▶ Description of the task
Work out how many lines of the data contain "Boss" and reply with that number alone.

Records from a collection:
—————
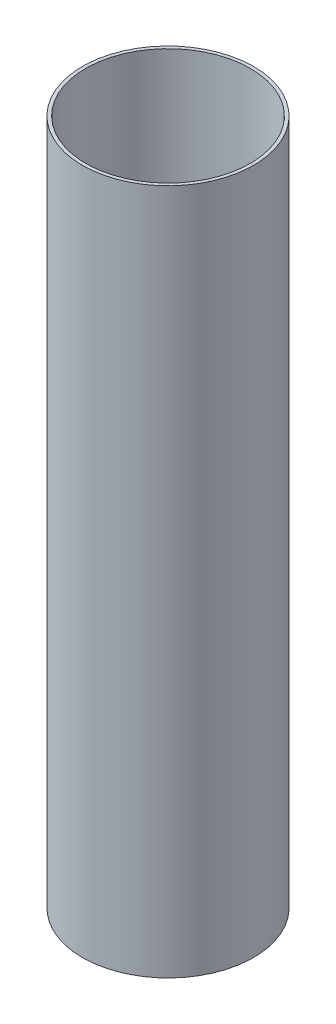
SolidWorks part; units mm, degrees
material "A-Glass Fiber"
ref_plane "Front Plane" through (0, 0, 0) normal (0, 0, 1) x (1, 0, 0)
ref_plane "Top Plane" through (0, 0, 0) normal (0, 1, 0) x (1, 0, 0)
ref_plane "Right Plane" through (0, 0, 0) normal (1, 0, 0) x (0, 0, -1)
sketch "Sketch1" plane through (0, 0, 0) normal (0, 1, 0) x (1, 0, 0)
  circle A0 centre (0, 0) radius 38.1
  circle A1 centre (0, 0) radius 39.624
  dimension "D1" = 76.2
  dimension "D2" = 79.248
extrude "Boss-Extrude1" add sketch "Sketch1" along normal blind 317.5
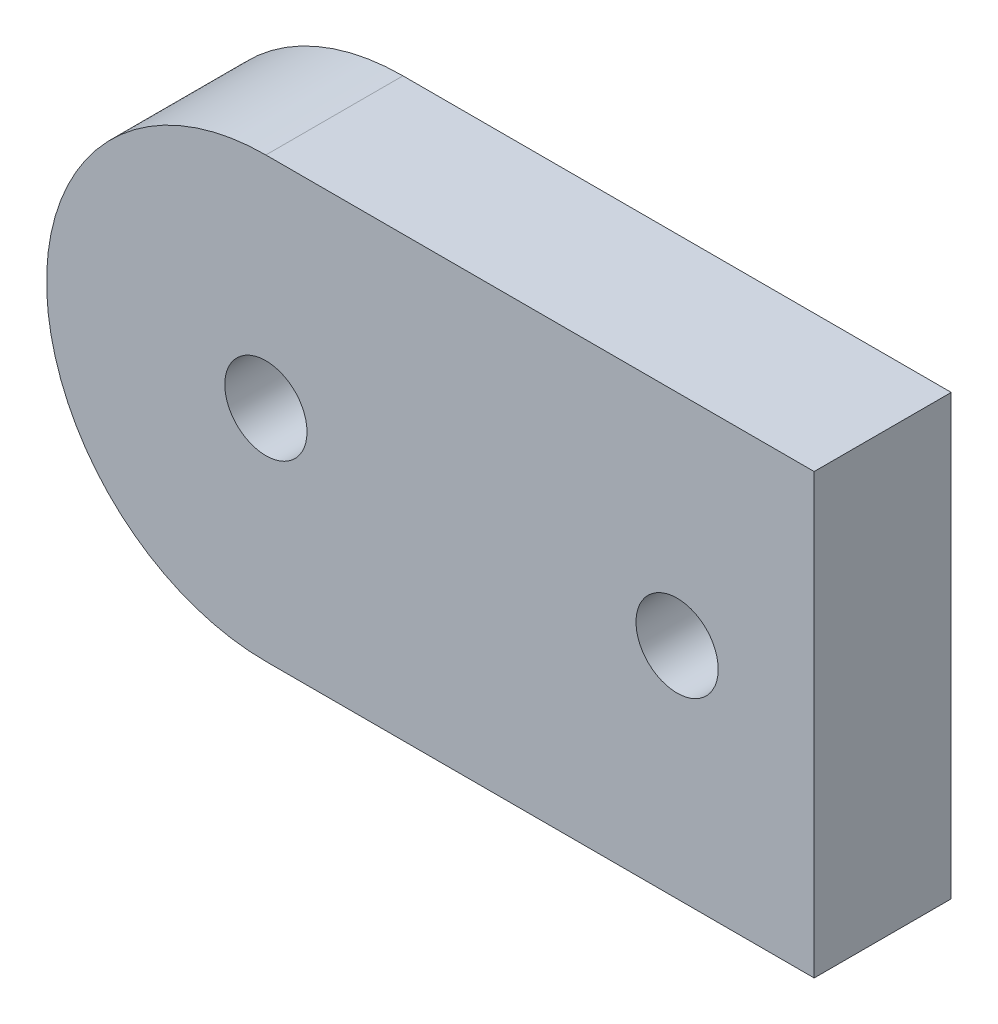
SolidWorks part; units mm, degrees
ref_plane "Plan de face" through (0, 0, 0) normal (0, 0, 1) x (1, 0, 0)
ref_plane "Plan de dessus" through (0, 0, 0) normal (0, 1, 0) x (1, 0, 0)
ref_plane "Plan de droite" through (0, 0, 0) normal (1, 0, 0) x (0, 0, -1)
sketch "Esquisse1" plane through (0, 0, 0) normal (0, 0, 1) x (1, 0, 0)
  line L0 (0, 0) -> (80, 0) construction
  line L1 (20, 0) -> (20, 23.8674) construction
  line L2 (0, 0) -> (0, 35) construction
  line L3 (0, 35) -> (55, 35) construction
  line L4 (0, 8) -> (20, 8)
  line L5 (82.6316, 13.5175) -> (85, 11.6762) construction
  line L6 (20, 8) -> (32.7289, 8) construction
  line L7 (0, -8) -> (55, -8) construction
  line L8 (55, 35) -> (55, -8) construction
  line L9 (0, -8) -> (20, -8)
  line L10 (20, -8) -> (20, 8)
  circle A0 centre (0, 0) radius 1.5
  arc A1 (0, 8) -> (0, -8) centre (0, 0) ccw
  circle A2 centre (55, 35) radius 35 construction
  arc A3 (32.7289, 8) -> (82.6316, 13.5175) centre (55, 35) ccw construction
  arc A4 (82.6316, 13.5175) -> (87.5479, 10.0925) centre (85, 11.6762) cw construction
  arc A5 (55, -8) -> (87.5479, 10.0925) centre (55, 30.3227) ccw construction
  circle A6 centre (15, 0) radius 1.5
  dimension "D3" = 3
  dimension "D4" = 35
  dimension "D6" = 70
  dimension "D7" = 3
  dimension "D8" = 8
  dimension "D9" = 30
  dimension "D10" = 15
  dimension "D1" = 20
  dimension "D2" = 80
  dimension "D5" = 55
extrude "Boss.-Extru.1" add sketch "Esquisse1" along normal blind 5
—————
▶ Answer to this problem
2